━━━━━ DATA RECORDS ━━━━━

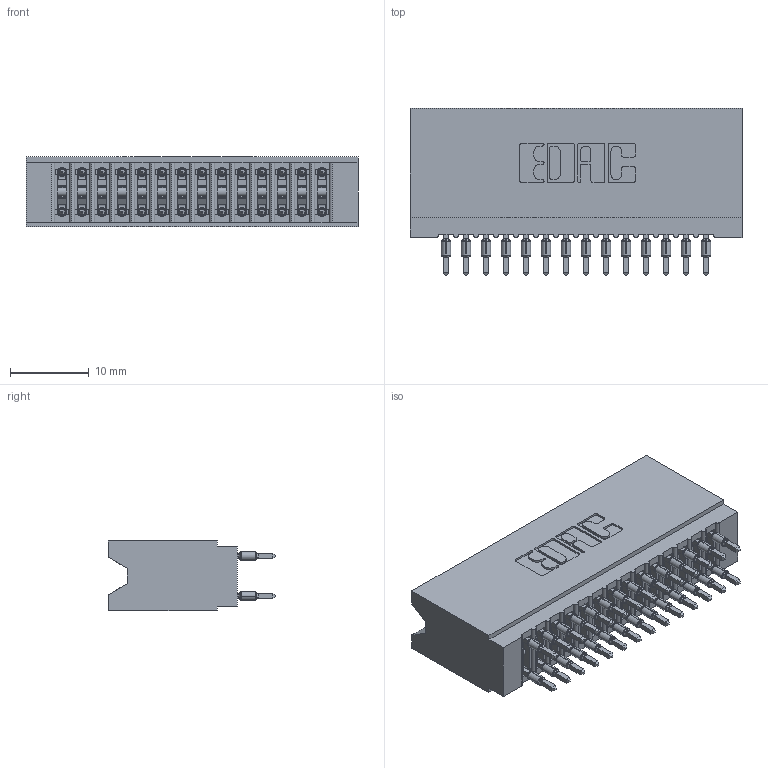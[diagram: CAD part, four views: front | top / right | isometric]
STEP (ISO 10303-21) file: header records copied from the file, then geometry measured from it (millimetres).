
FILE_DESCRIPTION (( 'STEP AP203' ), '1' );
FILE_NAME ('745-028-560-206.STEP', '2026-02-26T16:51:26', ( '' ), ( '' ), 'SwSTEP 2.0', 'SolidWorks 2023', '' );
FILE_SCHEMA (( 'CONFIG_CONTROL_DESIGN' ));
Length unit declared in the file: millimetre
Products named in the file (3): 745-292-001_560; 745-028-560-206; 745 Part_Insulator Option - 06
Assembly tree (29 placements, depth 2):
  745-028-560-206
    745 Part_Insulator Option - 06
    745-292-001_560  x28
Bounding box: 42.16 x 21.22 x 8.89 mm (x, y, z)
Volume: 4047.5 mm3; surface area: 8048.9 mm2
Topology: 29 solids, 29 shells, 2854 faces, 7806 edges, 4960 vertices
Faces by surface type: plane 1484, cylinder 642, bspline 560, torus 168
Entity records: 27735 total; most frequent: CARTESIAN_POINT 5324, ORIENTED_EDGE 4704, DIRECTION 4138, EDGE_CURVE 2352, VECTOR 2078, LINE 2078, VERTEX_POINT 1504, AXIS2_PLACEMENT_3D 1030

━━━━━

TASK TO CARRY OUT
The entire listing is to be printed exactly, with each picture omitted.

ANSWER SECTION
[diagram: CAD part, four views: front | top / right | isometric]
STEP (ISO 10303-21) file: header records copied from the file, then geometry measured from it (millimetres).
FILE_DESCRIPTION (( 'STEP AP203' ), '1' );
FILE_NAME ('745-028-560-206.STEP', '2026-02-26T16:51:26', ( '' ), ( '' ), 'SwSTEP 2.0', 'SolidWorks 2023', '' );
FILE_SCHEMA (( 'CONFIG_CONTROL_DESIGN' ));
Length unit declared in the file: millimetre
Products named in the file (3): 745-292-001_560; 745-028-560-206; 745 Part_Insulator Option - 06
Assembly tree (29 placements, depth 2):
  745-028-560-206
    745 Part_Insulator Option - 06
    745-292-001_560  x28
Bounding box: 42.16 x 21.22 x 8.89 mm (x, y, z)
Volume: 4047.5 mm3; surface area: 8048.9 mm2
Topology: 29 solids, 29 shells, 2854 faces, 7806 edges, 4960 vertices
Faces by surface type: plane 1484, cylinder 642, bspline 560, torus 168
Entity records: 27735 total; most frequent: CARTESIAN_POINT 5324, ORIENTED_EDGE 4704, DIRECTION 4138, EDGE_CURVE 2352, VECTOR 2078, LINE 2078, VERTEX_POINT 1504, AXIS2_PLACEMENT_3D 1030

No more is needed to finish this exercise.